The Liberation of Saint-Aubin, Graye-sur-Mer, Langrune-sur-Mer and Douvres-la-Délivrande
Saint-Aubin was liberated by troops of the North Shore Regiment (8th Canadian Brigade) overcoming resistance from German troops of 736th Infantry Regiment. Graye-sur-Mer was conquered by the Royal Winnipeg Rifles (7th Canadian Brigade) after assaulting a strong point at a sanatorium, to the west of the town, which was very heavily defended by German gunners. At 2200 hours, two Troops of 46 Royal Marine Commando, advancing from the Petit-enfer strong point through Luc-sur-Mer and Saint-Aubin-sur-Mer, entered Douvres-la-Délivrande, without any resistance from the Germans who had been liberally shelled by naval gunfire the previous day.

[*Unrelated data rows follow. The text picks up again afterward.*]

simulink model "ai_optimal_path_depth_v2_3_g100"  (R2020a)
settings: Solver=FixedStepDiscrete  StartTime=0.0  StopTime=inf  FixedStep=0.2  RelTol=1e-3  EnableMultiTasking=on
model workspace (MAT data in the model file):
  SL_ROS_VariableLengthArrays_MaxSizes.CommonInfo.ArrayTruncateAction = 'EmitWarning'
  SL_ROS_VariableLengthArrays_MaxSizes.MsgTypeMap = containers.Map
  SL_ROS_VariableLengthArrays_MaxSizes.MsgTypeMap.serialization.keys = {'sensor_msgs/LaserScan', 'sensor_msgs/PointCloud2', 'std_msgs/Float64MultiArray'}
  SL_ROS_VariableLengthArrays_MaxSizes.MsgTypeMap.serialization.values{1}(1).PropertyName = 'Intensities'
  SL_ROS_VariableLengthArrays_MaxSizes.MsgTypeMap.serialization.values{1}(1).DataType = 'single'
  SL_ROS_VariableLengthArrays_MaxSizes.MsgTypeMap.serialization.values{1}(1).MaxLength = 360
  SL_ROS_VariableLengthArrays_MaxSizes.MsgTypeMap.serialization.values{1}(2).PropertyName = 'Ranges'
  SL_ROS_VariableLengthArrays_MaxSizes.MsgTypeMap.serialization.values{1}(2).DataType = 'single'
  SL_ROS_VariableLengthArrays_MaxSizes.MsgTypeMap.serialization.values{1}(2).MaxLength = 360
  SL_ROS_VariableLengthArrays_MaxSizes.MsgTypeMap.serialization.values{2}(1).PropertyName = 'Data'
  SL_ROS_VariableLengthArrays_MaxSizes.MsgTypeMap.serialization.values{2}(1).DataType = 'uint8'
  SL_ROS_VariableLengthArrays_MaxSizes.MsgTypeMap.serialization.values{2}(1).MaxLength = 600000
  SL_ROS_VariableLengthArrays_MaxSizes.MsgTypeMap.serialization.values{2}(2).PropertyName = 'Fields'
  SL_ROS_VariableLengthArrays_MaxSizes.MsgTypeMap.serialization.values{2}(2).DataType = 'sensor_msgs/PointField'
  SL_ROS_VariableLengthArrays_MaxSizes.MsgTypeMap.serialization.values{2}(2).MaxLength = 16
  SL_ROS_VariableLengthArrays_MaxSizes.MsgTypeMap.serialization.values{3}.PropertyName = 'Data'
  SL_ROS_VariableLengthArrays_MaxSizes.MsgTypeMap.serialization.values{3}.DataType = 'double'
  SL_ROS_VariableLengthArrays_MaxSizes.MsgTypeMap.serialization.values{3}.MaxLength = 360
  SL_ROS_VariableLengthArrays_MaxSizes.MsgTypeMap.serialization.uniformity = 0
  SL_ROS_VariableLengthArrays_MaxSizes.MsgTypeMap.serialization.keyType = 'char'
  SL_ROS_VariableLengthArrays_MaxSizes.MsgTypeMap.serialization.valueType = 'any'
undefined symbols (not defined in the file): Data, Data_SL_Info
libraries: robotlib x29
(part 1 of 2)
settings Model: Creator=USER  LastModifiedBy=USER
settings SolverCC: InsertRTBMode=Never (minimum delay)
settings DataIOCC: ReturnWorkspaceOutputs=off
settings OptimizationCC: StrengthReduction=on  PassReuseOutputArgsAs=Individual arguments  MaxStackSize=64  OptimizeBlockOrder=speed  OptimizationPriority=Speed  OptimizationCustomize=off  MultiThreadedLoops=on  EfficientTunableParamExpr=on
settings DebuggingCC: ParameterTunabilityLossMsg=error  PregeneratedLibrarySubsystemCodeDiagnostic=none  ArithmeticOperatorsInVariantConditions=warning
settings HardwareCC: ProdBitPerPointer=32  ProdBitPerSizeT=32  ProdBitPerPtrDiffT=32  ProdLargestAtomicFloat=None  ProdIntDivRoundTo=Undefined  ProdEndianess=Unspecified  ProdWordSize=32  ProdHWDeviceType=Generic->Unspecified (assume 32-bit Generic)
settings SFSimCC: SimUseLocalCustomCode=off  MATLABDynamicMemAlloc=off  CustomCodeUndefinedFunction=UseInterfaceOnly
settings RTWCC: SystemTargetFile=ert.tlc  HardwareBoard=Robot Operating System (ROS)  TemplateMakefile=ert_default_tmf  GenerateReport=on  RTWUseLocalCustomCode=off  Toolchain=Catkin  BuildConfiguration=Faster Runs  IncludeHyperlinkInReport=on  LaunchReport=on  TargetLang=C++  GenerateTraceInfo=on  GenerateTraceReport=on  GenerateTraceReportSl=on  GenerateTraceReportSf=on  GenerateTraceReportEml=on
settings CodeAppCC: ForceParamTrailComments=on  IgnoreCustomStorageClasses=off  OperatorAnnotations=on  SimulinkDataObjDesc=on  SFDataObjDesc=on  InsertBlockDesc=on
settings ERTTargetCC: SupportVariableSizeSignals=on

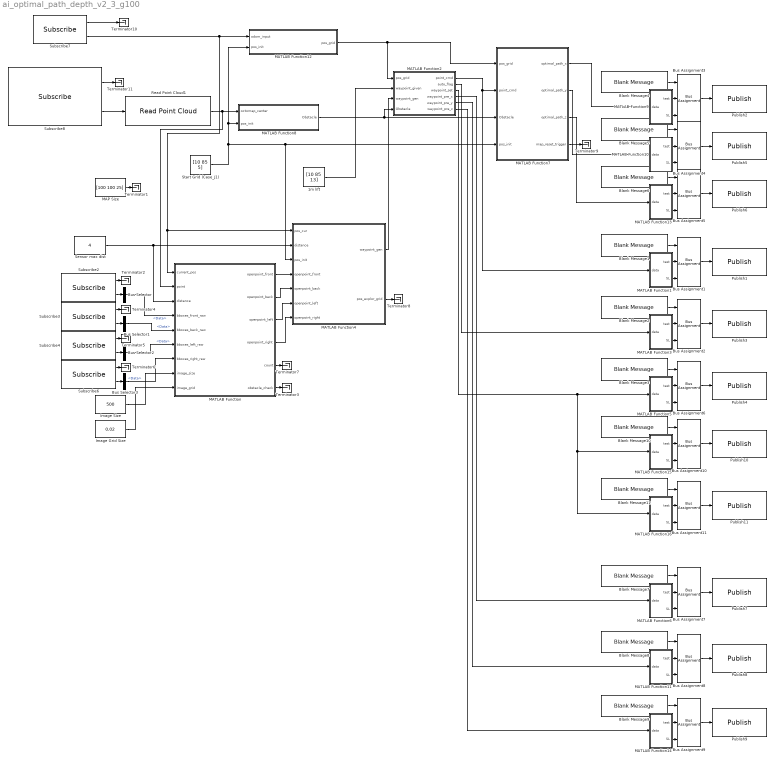
== system ai_optimal_path_depth_v2_3_g100 ==
  1m lift : Constant  Value=[10 85 13]  VectorParams1D=off
  Blank Message{1..11} (11 alike) : robotlib/Blank Message  messageClass=Message  entityType=std_msgs/Float32MultiArray  messageType=std_msgs/Float32MultiArray  SampleTime=-1
  Bus Assignment{1..11} (11 alike) : BusAssignment  AssignedSignals=Data,Data_SL_Info.CurrentLength
  Bus Selector{,1..3} (4 alike) : BusSelector  OutputSignals=Data
  Image Grid Size : Constant  Value=0.02
  Image Size : Constant  Value=500
  MAP Size : Constant  Value=[100 100 25]
  MATLAB Function : MATLAB Function  TreatAsAtomicUnit=on
  MATLAB Function1 : MATLAB Function  TreatAsAtomicUnit=on
  MATLAB Function10 : MATLAB Function  TreatAsAtomicUnit=on
  MATLAB Function11 : MATLAB Function  TreatAsAtomicUnit=on
  MATLAB Function12 : MATLAB Function  TreatAsAtomicUnit=on
  MATLAB Function13 : MATLAB Function  TreatAsAtomicUnit=on
  MATLAB Function14 : MATLAB Function  TreatAsAtomicUnit=on
  MATLAB Function15 : MATLAB Function  TreatAsAtomicUnit=on
  MATLAB Function16 : MATLAB Function  TreatAsAtomicUnit=on
  MATLAB Function2 : MATLAB Function  TreatAsAtomicUnit=on
  MATLAB Function3 : MATLAB Function  TreatAsAtomicUnit=on
  MATLAB Function4 : MATLAB Function  TreatAsAtomicUnit=on
  MATLAB Function5 : MATLAB Function  TreatAsAtomicUnit=on
  MATLAB Function6 : MATLAB Function  TreatAsAtomicUnit=on
  MATLAB Function7 : MATLAB Function  TreatAsAtomicUnit=on
  MATLAB Function8 : MATLAB Function  TreatAsAtomicUnit=on
  MATLAB Function9 : MATLAB Function  TreatAsAtomicUnit=on
  Publish1 : robotlib/Publish  topicSource=Specify your own  topic=/current_point_cmd  messageType=std_msgs/Float32MultiArray  messageQueueLength=1
  Publish10 : robotlib/Publish  topicSource=Specify your own  topic=/waypoint_set_y  messageType=std_msgs/Float32MultiArray  messageQueueLength=1
  Publish11 : robotlib/Publish  topicSource=Specify your own  topic=/waypoint_set_z  messageType=std_msgs/Float32MultiArray  messageQueueLength=1
  Publish2 : robotlib/Publish  topicSource=Specify your own  topic=/optimal_path_x  messageType=std_msgs/Float32MultiArray  messageQueueLength=1
  Publish3 : robotlib/Publish  topicSource=Specify your own  topic=/auto_flag  messageType=std_msgs/Float32MultiArray  messageQueueLength=1
  Publish4 : robotlib/Publish  topicSource=Specify your own  topic=/waypoint_set_x  messageType=std_msgs/Float32MultiArray  messageQueueLength=1
  Publish5 : robotlib/Publish  topicSource=Specify your own  topic=/optimal_path_y  messageType=std_msgs/Float32MultiArray  messageQueueLength=1
  Publish6 : robotlib/Publish  topicSource=Specify your own  topic=/optimal_path_z  messageType=std_msgs/Float32MultiArray  messageQueueLength=1
  Publish7 : robotlib/Publish  topicSource=Specify your own  topic=/waypoint_pre_x  messageType=std_msgs/Float32MultiArray  messageQueueLength=1
  Publish8 : robotlib/Publish  topicSource=Specify your own  topic=/waypoint_pre_y  messageType=std_msgs/Float32MultiArray  messageQueueLength=1
  Publish9 : robotlib/Publish  topicSource=Specify your own  topic=/waypoint_pre_z  messageType=std_msgs/Float32MultiArray  messageQueueLength=1
  Read Point Cloud1 : robotlib/Read Point Cloud  MaximumPointCloudSize=[1, 650000]  PreserveStructure=off  ShowRGBOutput=off  ShowIntensityOutput=off  ShowErrorCodeOutput=off  VariableSizeOutputs=on
      settings: SourceProductBaseCode=RR
  Sensor max dist : Constant  Value=4
  Start Grid (Case_J1) : Constant  Value=[10 85 5]
  Subscribe2 : robotlib/Subscribe  topicSource=Select from ROS network  topic=/bboxes_front  messageType=std_msgs/Float32MultiArray  sampleTime=-1  messageQueueLength=1
  Subscribe3 : robotlib/Subscribe  topicSource=Select from ROS network  topic=/bboxes_back  messageType=std_msgs/Float32MultiArray  sampleTime=-1  messageQueueLength=1
  Subscribe4 : robotlib/Subscribe  topicSource=Select from ROS network  topic=/bboxes_left  messageType=std_msgs/Float32MultiArray  sampleTime=-1  messageQueueLength=1
  Subscribe6 : robotlib/Subscribe  topicSource=Select from ROS network  topic=/bboxes_right  messageType=std_msgs/Float32MultiArray  sampleTime=-1  messageQueueLength=1
  Subscribe7 : robotlib/Subscribe  topicSource=Select from ROS network  topic=/rtabmap/odom  messageType=nav_msgs/Odometry  sampleTime=-1  messageQueueLength=1
  Subscribe8 : robotlib/Subscribe  topicSource=Select from ROS network  topic=/rtabmap/cloud_map  messageType=sensor_msgs/PointCloud2  sampleTime=-1  messageQueueLength=1
  Terminator{1..11} (11 alike) : Terminator
  wires:
  MATLAB Function9/1(test) -> Bus Assignment3/2
  Blank Message4/1 -> Bus Assignment3/1
  Bus Assignment4/1 -> Publish5/1
  Blank Message5/1 -> Bus Assignment4/1
  MATLAB Function9/2(SL) -> Bus Assignment3/3
  Subscribe7/2 -> MATLAB Function4/1(pos_cur), MATLAB Function/1(current_pos), MATLAB Function12/1(odom_input)
  MATLAB Function13/2(SL) -> Bus Assignment5/3
  Start Grid (Case_J1)/1 -> MATLAB Function4/3(pos_init), MATLAB Function7/4(pos_init), MATLAB Function8/2(pos_init), MATLAB Function12/2(pos_init)
  MATLAB Function12/1(pos_grid) -> MATLAB Function7/1(pos_grid), MATLAB Function2/1(pos_grid)
  MATLAB Function10/1(test) -> Bus Assignment4/2
  MATLAB Function13/1(test) -> Bus Assignment5/2
  Bus Assignment5/1 -> Publish6/1
  MATLAB Function10/2(SL) -> Bus Assignment4/3
  Blank Message6/1 -> Bus Assignment5/1
  Bus Assignment3/1 -> Publish2/1
  MAP Size/1 -> Terminator1/1
  MATLAB Function8/1(Obstacle) -> MATLAB Function7/3(Obstacle), MATLAB Function2/4(Obstacle)
  MATLAB Function7/1(optimal_path_x) -> MATLAB Function9/1(data)
  MATLAB Function7/2(optimal_path_y) -> MATLAB Function10/1(data)
  MATLAB Function7/3(optimal_path_z) -> MATLAB Function13/1(data)
  1m lift/1 -> MATLAB Function2/2(waypoint_given)
  Read Point Cloud1/1 -> MATLAB Function/2(point), MATLAB Function8/1(octomap_center)
  Subscribe8/2 -> Read Point Cloud1/1
  MATLAB Function2/1(point_cmd) -> MATLAB Function7/2(point_cmd), MATLAB Function1/1(data)
  Subscribe2/1 -> Terminator2/1
  Subscribe3/1 -> Terminator4/1
  Subscribe4/1 -> Terminator5/1
  Subscribe6/1 -> Terminator6/1
  Subscribe2/2 -> Bus Selector/1
  Subscribe3/2 -> Bus Selector1/1
  Subscribe4/2 -> Bus Selector2/1
  Subscribe6/2 -> Bus Selector3/1
  Image Size/1 -> MATLAB Function/8(image_size)
  Image Grid Size/1 -> MATLAB Function/9(image_grid)
  Sensor max dist/1 -> MATLAB Function4/2(distance), MATLAB Function/3(distance)
  MATLAB Function/1(openpoint_front) -> MATLAB Function4/4(openpoint_front)
  MATLAB Function/2(openpoint_back) -> MATLAB Function4/5(openpoint_back)
  MATLAB Function/3(openpoint_left) -> MATLAB Function4/6(openpoint_left)
  MATLAB Function/4(openpoint_right) -> MATLAB Function4/7(openpoint_right)
  MATLAB Function/5(count) -> Terminator7/1
  MATLAB Function4/2(pos_explor_grid) -> Terminator8/1
  Bus Selector/1 -> MATLAB Function/4(bboxes_front_raw)  "<Data>"
  Bus Selector1/1 -> MATLAB Function/5(bboxes_back_raw)  "<Data>"
  Bus Selector2/1 -> MATLAB Function/6(bboxes_left_raw)  "<Data>"
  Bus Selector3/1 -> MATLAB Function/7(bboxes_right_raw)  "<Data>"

At Langrune-sur-Mer, the combat, which had begun on 6th June, doubled in intensity between 1130 hours and 1530 hours as 48 Royal Marine Commando attacked a German strong point. Langrune was finally liberated by Lieutenant Colonel Moulton’s troops but, by the end of the battle, Moulton had lost half of the men who had landed the previous day to the east of Saint-Aubin.

De Gaulle Arrives in Normandy
At 1300 hours, off the coast of Graye-sur-Mer, General de Gaulle left the bridge of the destroyer, La Combattante, of the Free French Naval Forces and landed in Normandy. Four years after his departure for London, de Gaulle finally returned to France accompanied by 18 of his principal civilian and military staff. After difficult negotiations with the Allies, the head of the Free French Forces had received authorisation to come to Normandy. On landing, he was met by Major Sanderson who had been sent by Montgomery. De Gaulle immediately visited Montgomery’s headquarters at the Creullet chateau for discussions while the rest of his staff, led by François Coulet and Colonel de Chevigné, headed for Bayeux. Little time was taken in informing the population of a visit by the head of the Free French.
De Gaulle entered Bayeux at 1530 hours and was welcomed by François Coulet and the town council. At the Sub-Prefecture, where the portrait of Marshal Petain was still displayed, he appointed François Coulet as the Premier Commissaire of the Republic and Colonel de Chevigné as military representative of the liberated zone. De Gaulle held a brief meeting with the Sub-Prefect Rochat, to inform him of the situation in the bridgehead, before touring Bayeux on foot. De Gaulle subsequently made his first speech in the liberated zone to a large crowd in the Place du Chateau.
General de Gaulle, left for the front line at Isigny-sur-Mer and Grandcamp-les-Bains before returning to Courseulles by the coast. At nightfall, he embarked, his mission accomplished: to restore, in Normandy, French republican legitimacy, despite the Allies who had kept him at a distance concerning Operation Overlord and a future liberated France.